(Records contained in a dataset)
<<<<

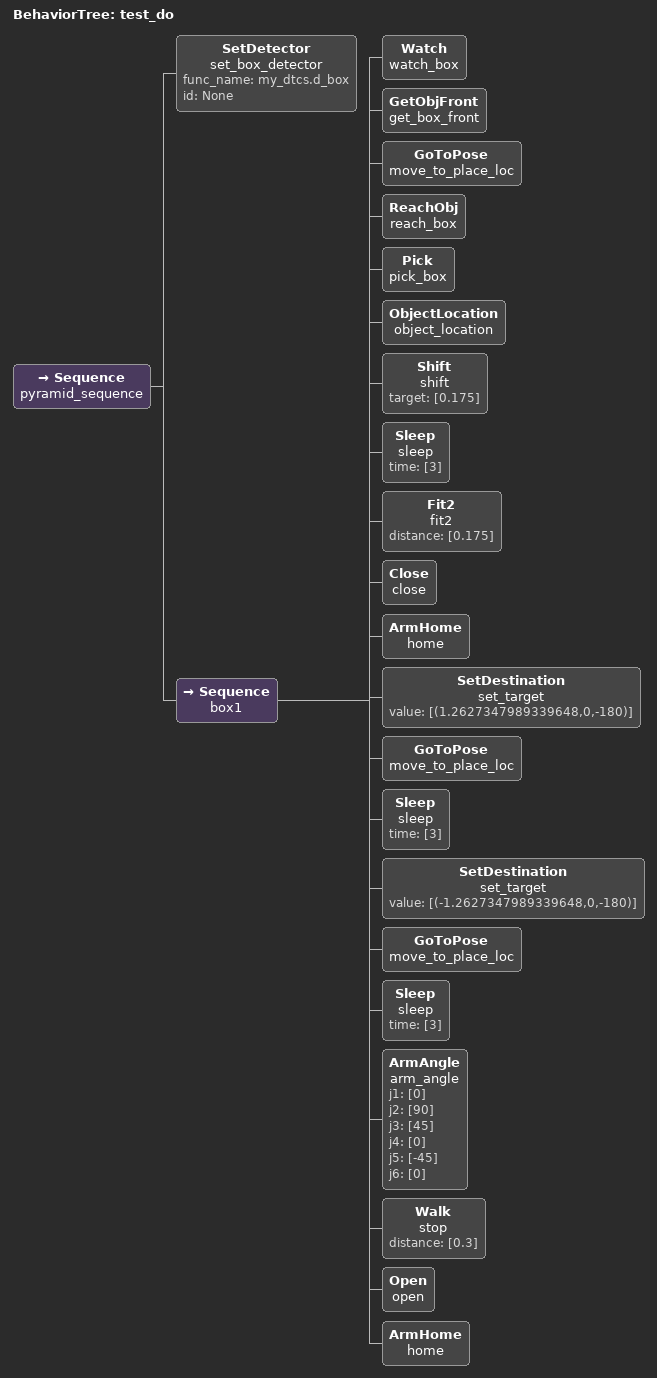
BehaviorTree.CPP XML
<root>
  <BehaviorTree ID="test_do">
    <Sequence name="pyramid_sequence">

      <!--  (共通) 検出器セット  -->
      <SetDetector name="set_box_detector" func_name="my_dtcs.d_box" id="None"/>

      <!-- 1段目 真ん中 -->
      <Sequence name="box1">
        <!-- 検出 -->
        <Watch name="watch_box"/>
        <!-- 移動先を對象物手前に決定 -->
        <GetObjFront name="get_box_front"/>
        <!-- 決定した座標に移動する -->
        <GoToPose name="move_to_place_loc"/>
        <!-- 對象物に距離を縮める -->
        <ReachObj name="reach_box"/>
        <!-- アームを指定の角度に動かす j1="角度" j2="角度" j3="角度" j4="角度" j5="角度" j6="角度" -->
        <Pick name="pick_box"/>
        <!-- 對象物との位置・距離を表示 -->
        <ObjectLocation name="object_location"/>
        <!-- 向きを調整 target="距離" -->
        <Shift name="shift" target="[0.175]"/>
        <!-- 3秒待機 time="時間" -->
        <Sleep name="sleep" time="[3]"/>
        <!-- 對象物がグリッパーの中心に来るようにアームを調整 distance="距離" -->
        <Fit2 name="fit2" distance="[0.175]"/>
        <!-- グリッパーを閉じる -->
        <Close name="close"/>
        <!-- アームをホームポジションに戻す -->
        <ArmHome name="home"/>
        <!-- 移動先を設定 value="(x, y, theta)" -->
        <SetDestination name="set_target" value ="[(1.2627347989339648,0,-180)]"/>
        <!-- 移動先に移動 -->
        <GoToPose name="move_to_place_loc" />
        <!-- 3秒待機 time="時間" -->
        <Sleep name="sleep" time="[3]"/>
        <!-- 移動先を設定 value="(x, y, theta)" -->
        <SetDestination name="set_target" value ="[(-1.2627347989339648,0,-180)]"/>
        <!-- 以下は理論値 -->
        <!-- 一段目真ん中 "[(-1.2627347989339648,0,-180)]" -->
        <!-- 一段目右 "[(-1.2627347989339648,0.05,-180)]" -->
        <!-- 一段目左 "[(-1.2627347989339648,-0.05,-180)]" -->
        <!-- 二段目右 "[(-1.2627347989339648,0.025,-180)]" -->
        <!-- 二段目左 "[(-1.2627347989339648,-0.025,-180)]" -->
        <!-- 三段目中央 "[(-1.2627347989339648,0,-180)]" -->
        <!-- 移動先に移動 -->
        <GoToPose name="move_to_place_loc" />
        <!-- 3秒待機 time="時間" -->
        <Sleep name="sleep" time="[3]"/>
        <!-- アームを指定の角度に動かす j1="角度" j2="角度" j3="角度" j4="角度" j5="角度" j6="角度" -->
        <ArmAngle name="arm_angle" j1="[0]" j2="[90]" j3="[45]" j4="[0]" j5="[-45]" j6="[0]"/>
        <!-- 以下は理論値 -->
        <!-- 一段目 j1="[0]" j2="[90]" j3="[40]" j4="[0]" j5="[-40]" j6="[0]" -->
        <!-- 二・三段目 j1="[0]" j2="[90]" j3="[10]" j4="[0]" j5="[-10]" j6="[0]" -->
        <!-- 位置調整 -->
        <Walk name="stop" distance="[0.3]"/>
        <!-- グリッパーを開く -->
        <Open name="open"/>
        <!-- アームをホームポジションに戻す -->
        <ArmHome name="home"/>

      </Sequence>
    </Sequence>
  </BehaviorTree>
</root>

>>>>

(Exercise details)
Every entry above needs to be copied exactly, apart from its pictures.

(Answer space)
BehaviorTree.CPP XML
<root>
  <BehaviorTree ID="test_do">
    <Sequence name="pyramid_sequence">

      <!--  (共通) 検出器セット  -->
      <SetDetector name="set_box_detector" func_name="my_dtcs.d_box" id="None"/>

      <!-- 1段目 真ん中 -->
      <Sequence name="box1">
        <!-- 検出 -->
        <Watch name="watch_box"/>
        <!-- 移動先を對象物手前に決定 -->
        <GetObjFront name="get_box_front"/>
        <!-- 決定した座標に移動する -->
        <GoToPose name="move_to_place_loc"/>
        <!-- 對象物に距離を縮める -->
        <ReachObj name="reach_box"/>
        <!-- アームを指定の角度に動かす j1="角度" j2="角度" j3="角度" j4="角度" j5="角度" j6="角度" -->
        <Pick name="pick_box"/>
        <!-- 對象物との位置・距離を表示 -->
        <ObjectLocation name="object_location"/>
        <!-- 向きを調整 target="距離" -->
        <Shift name="shift" target="[0.175]"/>
        <!-- 3秒待機 time="時間" -->
        <Sleep name="sleep" time="[3]"/>
        <!-- 對象物がグリッパーの中心に来るようにアームを調整 distance="距離" -->
        <Fit2 name="fit2" distance="[0.175]"/>
        <!-- グリッパーを閉じる -->
        <Close name="close"/>
        <!-- アームをホームポジションに戻す -->
        <ArmHome name="home"/>
        <!-- 移動先を設定 value="(x, y, theta)" -->
        <SetDestination name="set_target" value ="[(1.2627347989339648,0,-180)]"/>
        <!-- 移動先に移動 -->
        <GoToPose name="move_to_place_loc" />
        <!-- 3秒待機 time="時間" -->
        <Sleep name="sleep" time="[3]"/>
        <!-- 移動先を設定 value="(x, y, theta)" -->
        <SetDestination name="set_target" value ="[(-1.2627347989339648,0,-180)]"/>
        <!-- 以下は理論値 -->
        <!-- 一段目真ん中 "[(-1.2627347989339648,0,-180)]" -->
        <!-- 一段目右 "[(-1.2627347989339648,0.05,-180)]" -->
        <!-- 一段目左 "[(-1.2627347989339648,-0.05,-180)]" -->
        <!-- 二段目右 "[(-1.2627347989339648,0.025,-180)]" -->
        <!-- 二段目左 "[(-1.2627347989339648,-0.025,-180)]" -->
        <!-- 三段目中央 "[(-1.2627347989339648,0,-180)]" -->
        <!-- 移動先に移動 -->
        <GoToPose name="move_to_place_loc" />
        <!-- 3秒待機 time="時間" -->
        <Sleep name="sleep" time="[3]"/>
        <!-- アームを指定の角度に動かす j1="角度" j2="角度" j3="角度" j4="角度" j5="角度" j6="角度" -->
        <ArmAngle name="arm_angle" j1="[0]" j2="[90]" j3="[45]" j4="[0]" j5="[-45]" j6="[0]"/>
        <!-- 以下は理論値 -->
        <!-- 一段目 j1="[0]" j2="[90]" j3="[40]" j4="[0]" j5="[-40]" j6="[0]" -->
        <!-- 二・三段目 j1="[0]" j2="[90]" j3="[10]" j4="[0]" j5="[-10]" j6="[0]" -->
        <!-- 位置調整 -->
        <Walk name="stop" distance="[0.3]"/>
        <!-- グリッパーを開く -->
        <Open name="open"/>
        <!-- アームをホームポジションに戻す -->
        <ArmHome name="home"/>

      </Sequence>
    </Sequence>
  </BehaviorTree>
</root>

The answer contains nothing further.